Private non-landed housing prices up 0.7% m-o-m in September: NUS SRPI flash estimate

The National University of Singapore’s Institute of Real Estate and Urban Studies (IREUS) released the overall Singapore Residential Price Index (SRPI) flash estimates on Oct 30. The results indicated that prices of resale private non-landed residential properties rose 0.7% m-o-m in September, compared to the Singapore Consumer Price Index which climbed 0.5% m-o-m in the same period.

The SRPI basket covers 759 non-landed private residential projects completed between October 2003 and September 2021. In September, the SRPI sub-index for the Central Region (excluding small units) increased 0.8% m-o-m, while the non-Central Region (excluding small units) sub-index rose 0.6% m-o-m. The sub-index for small units jumped 1.2% m-o-m.

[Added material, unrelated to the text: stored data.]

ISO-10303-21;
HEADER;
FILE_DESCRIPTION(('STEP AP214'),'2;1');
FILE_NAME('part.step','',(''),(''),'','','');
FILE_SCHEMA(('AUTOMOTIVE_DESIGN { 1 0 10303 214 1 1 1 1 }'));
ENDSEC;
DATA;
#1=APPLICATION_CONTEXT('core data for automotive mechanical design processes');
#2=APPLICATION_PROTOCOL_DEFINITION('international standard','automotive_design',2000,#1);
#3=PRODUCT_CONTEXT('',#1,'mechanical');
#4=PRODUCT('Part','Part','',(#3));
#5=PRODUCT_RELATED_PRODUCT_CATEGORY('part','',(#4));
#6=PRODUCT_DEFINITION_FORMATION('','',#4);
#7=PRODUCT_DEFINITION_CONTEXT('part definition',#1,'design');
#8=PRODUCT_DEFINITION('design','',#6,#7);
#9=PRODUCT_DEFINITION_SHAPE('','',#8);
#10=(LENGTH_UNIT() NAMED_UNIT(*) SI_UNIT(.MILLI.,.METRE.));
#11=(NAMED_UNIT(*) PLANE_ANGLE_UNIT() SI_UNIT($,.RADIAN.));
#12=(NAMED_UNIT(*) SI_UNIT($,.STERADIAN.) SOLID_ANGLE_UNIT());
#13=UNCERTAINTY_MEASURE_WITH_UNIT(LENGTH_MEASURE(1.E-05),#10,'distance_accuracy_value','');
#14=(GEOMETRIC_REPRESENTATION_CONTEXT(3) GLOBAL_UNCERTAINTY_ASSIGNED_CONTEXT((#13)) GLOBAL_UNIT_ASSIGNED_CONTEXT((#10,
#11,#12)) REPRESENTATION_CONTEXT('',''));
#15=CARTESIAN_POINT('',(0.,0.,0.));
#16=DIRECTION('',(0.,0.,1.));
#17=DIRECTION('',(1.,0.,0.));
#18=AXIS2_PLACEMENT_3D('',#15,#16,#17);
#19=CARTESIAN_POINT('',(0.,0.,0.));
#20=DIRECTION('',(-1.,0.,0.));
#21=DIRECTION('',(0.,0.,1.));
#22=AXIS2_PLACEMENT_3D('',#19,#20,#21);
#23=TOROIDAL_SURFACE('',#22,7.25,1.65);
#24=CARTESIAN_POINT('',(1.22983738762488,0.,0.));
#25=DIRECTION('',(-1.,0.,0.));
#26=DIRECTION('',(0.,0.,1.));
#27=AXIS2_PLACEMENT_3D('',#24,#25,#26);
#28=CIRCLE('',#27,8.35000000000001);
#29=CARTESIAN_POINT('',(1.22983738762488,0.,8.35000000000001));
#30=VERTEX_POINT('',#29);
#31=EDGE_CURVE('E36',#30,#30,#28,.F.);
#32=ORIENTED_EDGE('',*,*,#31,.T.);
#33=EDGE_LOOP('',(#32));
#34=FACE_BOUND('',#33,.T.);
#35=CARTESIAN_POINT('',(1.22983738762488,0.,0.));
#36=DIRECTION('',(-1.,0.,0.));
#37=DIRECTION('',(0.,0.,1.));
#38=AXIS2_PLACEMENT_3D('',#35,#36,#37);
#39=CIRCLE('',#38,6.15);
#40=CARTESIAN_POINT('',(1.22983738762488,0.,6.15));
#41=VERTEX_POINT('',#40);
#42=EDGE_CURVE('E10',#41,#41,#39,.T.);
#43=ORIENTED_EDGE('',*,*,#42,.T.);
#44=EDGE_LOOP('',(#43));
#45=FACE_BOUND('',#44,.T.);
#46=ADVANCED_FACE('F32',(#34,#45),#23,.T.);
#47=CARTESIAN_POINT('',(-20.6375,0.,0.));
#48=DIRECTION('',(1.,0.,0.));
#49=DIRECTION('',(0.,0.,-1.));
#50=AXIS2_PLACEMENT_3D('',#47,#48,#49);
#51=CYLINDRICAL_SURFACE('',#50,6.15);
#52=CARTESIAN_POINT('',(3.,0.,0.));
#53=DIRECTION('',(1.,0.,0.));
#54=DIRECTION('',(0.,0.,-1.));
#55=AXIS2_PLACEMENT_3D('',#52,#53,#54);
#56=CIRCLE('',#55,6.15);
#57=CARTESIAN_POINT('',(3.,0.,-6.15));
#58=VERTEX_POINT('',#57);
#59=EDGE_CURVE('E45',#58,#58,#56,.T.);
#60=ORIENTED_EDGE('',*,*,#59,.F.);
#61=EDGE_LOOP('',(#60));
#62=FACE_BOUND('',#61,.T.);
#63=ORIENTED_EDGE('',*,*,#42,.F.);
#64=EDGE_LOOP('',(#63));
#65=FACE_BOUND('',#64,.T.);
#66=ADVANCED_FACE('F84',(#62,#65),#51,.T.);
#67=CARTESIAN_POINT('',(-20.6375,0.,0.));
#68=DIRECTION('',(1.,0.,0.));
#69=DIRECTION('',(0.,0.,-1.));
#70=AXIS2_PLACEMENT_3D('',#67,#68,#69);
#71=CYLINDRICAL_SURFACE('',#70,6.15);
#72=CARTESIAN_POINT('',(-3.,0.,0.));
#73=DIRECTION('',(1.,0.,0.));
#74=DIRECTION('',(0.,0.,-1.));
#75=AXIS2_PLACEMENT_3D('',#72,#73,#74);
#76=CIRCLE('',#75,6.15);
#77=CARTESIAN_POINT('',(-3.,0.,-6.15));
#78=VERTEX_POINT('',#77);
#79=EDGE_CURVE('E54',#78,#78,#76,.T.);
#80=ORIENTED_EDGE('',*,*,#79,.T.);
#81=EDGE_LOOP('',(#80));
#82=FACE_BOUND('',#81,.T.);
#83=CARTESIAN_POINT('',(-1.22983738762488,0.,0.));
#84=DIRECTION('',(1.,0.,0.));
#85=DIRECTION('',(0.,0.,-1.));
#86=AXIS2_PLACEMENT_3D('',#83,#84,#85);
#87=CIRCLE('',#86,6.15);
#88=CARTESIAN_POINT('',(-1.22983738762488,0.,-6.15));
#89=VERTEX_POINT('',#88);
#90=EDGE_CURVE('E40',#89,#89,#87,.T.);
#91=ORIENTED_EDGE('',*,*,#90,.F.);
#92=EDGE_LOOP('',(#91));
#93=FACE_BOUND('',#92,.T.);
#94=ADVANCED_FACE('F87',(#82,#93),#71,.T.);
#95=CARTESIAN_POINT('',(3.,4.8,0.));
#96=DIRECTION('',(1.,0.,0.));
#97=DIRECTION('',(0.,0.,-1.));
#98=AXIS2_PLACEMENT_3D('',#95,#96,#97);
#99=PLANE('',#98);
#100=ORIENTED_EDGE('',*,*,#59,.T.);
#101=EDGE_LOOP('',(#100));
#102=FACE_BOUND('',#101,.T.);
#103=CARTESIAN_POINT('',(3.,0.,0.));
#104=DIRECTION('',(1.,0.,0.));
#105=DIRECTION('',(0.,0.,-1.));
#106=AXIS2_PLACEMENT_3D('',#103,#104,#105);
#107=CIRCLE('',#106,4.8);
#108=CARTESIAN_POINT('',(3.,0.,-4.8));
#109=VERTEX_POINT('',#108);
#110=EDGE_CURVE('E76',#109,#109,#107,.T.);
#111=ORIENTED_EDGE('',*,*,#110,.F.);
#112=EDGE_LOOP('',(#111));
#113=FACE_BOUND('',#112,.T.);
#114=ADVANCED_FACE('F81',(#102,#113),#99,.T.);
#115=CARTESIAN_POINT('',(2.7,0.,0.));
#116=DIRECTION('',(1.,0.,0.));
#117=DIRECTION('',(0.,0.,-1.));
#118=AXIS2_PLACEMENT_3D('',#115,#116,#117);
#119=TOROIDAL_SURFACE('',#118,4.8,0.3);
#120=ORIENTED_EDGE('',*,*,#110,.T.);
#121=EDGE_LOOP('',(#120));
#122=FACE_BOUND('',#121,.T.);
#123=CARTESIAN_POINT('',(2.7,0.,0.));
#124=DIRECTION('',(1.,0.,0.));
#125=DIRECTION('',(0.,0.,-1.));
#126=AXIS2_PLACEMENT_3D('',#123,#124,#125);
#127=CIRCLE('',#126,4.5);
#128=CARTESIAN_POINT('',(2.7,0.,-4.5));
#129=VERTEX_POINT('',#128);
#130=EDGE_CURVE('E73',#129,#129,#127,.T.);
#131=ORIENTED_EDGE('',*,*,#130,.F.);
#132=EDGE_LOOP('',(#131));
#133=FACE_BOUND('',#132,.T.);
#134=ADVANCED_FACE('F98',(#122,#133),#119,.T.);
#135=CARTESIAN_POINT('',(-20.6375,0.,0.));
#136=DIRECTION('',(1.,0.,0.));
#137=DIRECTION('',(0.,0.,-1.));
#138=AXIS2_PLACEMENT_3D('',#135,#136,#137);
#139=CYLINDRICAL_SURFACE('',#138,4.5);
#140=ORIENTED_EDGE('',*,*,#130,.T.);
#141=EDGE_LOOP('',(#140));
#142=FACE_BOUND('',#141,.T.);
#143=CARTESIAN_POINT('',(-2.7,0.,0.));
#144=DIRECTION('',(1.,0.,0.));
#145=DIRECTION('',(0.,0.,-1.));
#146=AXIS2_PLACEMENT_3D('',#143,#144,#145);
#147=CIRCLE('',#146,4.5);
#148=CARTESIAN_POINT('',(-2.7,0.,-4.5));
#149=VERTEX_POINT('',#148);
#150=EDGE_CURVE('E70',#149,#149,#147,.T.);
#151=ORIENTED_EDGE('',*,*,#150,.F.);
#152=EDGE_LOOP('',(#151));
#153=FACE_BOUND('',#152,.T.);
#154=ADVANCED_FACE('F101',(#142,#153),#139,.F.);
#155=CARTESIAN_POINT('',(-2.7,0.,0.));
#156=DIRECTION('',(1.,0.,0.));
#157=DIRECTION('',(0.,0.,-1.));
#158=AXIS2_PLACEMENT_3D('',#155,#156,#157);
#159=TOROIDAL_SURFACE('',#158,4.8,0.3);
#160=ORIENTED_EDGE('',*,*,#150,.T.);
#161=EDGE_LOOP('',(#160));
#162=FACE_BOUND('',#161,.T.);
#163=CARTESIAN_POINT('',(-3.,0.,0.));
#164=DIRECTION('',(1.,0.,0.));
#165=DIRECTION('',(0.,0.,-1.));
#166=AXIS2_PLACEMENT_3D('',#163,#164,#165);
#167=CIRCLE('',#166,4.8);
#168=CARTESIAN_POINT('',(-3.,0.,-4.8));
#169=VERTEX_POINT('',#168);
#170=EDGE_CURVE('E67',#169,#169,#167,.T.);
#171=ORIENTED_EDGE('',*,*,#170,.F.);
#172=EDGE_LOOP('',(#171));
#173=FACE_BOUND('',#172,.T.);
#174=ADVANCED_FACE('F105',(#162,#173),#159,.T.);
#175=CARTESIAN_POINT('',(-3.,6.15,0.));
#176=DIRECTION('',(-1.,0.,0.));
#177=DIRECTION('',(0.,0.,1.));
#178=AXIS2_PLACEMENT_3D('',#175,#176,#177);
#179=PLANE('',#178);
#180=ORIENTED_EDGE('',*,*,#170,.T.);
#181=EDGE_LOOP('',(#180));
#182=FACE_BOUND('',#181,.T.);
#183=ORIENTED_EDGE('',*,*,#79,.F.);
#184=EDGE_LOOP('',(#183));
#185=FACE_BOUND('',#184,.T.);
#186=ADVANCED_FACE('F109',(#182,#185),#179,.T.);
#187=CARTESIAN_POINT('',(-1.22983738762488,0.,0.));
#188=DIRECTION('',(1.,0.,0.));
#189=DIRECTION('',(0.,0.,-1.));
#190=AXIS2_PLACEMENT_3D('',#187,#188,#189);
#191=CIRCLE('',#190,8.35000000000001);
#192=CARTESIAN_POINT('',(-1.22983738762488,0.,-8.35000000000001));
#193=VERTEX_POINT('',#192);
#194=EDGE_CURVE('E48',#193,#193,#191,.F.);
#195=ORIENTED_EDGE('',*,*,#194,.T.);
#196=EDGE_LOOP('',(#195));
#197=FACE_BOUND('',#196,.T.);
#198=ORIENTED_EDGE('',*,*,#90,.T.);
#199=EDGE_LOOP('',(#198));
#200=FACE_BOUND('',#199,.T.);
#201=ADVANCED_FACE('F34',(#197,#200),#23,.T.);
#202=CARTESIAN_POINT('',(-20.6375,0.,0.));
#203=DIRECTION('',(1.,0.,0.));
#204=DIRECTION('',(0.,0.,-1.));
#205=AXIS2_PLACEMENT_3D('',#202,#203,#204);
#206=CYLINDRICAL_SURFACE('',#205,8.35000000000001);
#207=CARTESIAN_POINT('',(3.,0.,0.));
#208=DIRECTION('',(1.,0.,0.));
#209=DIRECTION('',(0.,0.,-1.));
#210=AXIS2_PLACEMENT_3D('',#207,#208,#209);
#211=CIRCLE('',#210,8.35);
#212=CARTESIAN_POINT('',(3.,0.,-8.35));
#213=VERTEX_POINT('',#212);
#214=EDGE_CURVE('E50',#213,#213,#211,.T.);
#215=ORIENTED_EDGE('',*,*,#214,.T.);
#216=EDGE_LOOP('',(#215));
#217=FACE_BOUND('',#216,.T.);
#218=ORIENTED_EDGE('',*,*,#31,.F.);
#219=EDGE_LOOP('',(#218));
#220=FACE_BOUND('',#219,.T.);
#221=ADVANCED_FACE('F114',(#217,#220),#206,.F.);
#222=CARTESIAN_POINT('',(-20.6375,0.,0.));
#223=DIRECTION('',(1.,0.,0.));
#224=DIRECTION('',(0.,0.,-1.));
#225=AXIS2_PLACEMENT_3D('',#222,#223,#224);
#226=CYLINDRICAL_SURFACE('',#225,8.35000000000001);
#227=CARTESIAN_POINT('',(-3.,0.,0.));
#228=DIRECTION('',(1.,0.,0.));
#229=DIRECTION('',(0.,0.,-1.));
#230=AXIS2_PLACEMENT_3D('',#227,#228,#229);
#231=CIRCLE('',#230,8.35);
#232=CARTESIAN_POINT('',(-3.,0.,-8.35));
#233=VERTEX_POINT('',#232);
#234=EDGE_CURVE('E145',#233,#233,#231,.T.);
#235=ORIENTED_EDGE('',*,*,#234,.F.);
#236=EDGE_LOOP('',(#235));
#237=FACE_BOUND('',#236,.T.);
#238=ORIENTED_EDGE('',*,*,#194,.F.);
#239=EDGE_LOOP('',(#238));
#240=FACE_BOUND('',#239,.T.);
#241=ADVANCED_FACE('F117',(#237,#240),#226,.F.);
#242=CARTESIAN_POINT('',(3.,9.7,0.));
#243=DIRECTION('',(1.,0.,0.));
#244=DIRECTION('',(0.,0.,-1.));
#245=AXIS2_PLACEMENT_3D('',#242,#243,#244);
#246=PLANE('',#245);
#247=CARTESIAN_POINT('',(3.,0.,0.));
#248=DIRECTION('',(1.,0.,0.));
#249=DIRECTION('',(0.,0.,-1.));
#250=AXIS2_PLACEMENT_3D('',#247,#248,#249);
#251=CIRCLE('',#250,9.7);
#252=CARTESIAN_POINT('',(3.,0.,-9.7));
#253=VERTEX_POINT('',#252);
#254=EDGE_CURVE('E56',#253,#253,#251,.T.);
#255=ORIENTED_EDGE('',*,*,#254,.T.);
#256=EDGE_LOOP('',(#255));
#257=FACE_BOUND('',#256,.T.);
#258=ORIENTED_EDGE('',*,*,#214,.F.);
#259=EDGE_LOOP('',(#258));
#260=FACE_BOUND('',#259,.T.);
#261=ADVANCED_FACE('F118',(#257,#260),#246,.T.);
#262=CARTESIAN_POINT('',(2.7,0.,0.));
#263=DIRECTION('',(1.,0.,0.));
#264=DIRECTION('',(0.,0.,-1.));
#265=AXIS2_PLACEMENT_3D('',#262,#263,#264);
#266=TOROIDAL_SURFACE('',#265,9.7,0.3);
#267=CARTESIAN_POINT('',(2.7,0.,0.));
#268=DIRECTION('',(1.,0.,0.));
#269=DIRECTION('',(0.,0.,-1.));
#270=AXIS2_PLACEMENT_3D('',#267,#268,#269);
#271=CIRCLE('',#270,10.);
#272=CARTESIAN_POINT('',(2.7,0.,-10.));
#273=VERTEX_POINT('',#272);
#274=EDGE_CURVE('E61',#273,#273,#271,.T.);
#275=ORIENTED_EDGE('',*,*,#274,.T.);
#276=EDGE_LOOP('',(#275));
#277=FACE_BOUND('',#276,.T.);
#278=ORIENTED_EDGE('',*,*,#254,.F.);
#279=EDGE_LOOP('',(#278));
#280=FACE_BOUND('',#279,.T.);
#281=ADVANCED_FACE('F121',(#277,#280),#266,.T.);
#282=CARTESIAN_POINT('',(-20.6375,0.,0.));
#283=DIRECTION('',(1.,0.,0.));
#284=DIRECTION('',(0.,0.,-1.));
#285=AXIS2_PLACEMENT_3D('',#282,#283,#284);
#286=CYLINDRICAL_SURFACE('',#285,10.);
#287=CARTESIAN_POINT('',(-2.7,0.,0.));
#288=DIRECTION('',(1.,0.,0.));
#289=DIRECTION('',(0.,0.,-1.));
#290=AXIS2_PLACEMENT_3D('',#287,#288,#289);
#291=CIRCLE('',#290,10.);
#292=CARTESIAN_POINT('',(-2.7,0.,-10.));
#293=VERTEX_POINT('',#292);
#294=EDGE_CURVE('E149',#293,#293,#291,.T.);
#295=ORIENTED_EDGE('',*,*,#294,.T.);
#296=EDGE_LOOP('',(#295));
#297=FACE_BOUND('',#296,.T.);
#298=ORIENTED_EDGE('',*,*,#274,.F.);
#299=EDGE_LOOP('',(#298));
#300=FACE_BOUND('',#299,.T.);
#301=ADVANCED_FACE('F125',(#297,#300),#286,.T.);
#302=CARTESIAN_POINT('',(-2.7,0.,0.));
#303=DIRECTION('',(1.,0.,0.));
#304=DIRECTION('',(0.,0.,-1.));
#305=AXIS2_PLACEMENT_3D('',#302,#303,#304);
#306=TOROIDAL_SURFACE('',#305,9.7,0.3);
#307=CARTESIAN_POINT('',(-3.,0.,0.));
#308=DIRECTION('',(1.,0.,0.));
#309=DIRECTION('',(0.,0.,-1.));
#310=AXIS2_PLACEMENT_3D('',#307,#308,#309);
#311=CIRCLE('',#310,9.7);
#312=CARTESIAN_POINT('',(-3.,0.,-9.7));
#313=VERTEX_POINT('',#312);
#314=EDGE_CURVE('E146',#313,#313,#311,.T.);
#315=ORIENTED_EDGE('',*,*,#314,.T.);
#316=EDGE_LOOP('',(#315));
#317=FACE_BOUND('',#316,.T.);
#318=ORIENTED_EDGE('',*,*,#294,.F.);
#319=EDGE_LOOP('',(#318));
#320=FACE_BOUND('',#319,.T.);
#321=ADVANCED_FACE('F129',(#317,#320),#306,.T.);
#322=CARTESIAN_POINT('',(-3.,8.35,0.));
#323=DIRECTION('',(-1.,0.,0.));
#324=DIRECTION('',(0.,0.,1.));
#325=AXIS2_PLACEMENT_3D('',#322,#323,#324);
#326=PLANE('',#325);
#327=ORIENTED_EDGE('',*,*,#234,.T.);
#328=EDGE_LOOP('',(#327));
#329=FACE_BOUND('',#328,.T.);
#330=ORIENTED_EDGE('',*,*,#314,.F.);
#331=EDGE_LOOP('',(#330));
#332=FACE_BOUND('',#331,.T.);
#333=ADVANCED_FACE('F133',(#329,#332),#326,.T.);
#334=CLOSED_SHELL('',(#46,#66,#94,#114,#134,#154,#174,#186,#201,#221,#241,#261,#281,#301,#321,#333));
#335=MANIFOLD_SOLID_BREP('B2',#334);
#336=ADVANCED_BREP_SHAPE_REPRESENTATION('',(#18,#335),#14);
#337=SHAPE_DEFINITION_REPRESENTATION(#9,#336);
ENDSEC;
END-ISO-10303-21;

Meanwhile, the final overall SRPI for August was raised to reflect a growth of 1% m-o-m from its flash figure of 0.7%. For the Central Region, (excluding small units) the adjusted figure was 0.9% m-o-m, which was higher than the flash estimate of 0.8%. The non-Central Region (excluding small units) sub-index was adjusted to 1% m-o-m.

Lee Sze Teck, senior director of data analytics at Huttons Asia, attributed the slower price growth to higher-for-longer interest rates. “Buyers are also keeping their prices low due to the high interest rates,” he added.

Looking at the buyer profile in the last 12 months, Singaporeans formed around 74.6% of the resale condo customers, followed by Singapore permanent residents at 21.4%. Foreigners accounted for 3.7%.

However, flash data indicated a 28% m-o-m decrease in non-landed private residential sales in September, compared to a 2.5% m-o-m rise in the previous month. The number of foreign buyers in the resale market also dropped from 18 in August to 8 in September.

Moreover, there are a number of childcare centres, primary schools, and wet market located in the vicinity of the Bukit Panjang EC. All these amenities make living in Senja Residences EC an ideal choice for families.

Lee suspected cautious sentiments, caused by high interest rates and economic uncertainties, to sustain in the remainer of the year and cap the resale condo market’s growth. However, prices are predicted to rise by at most 8% in 2023.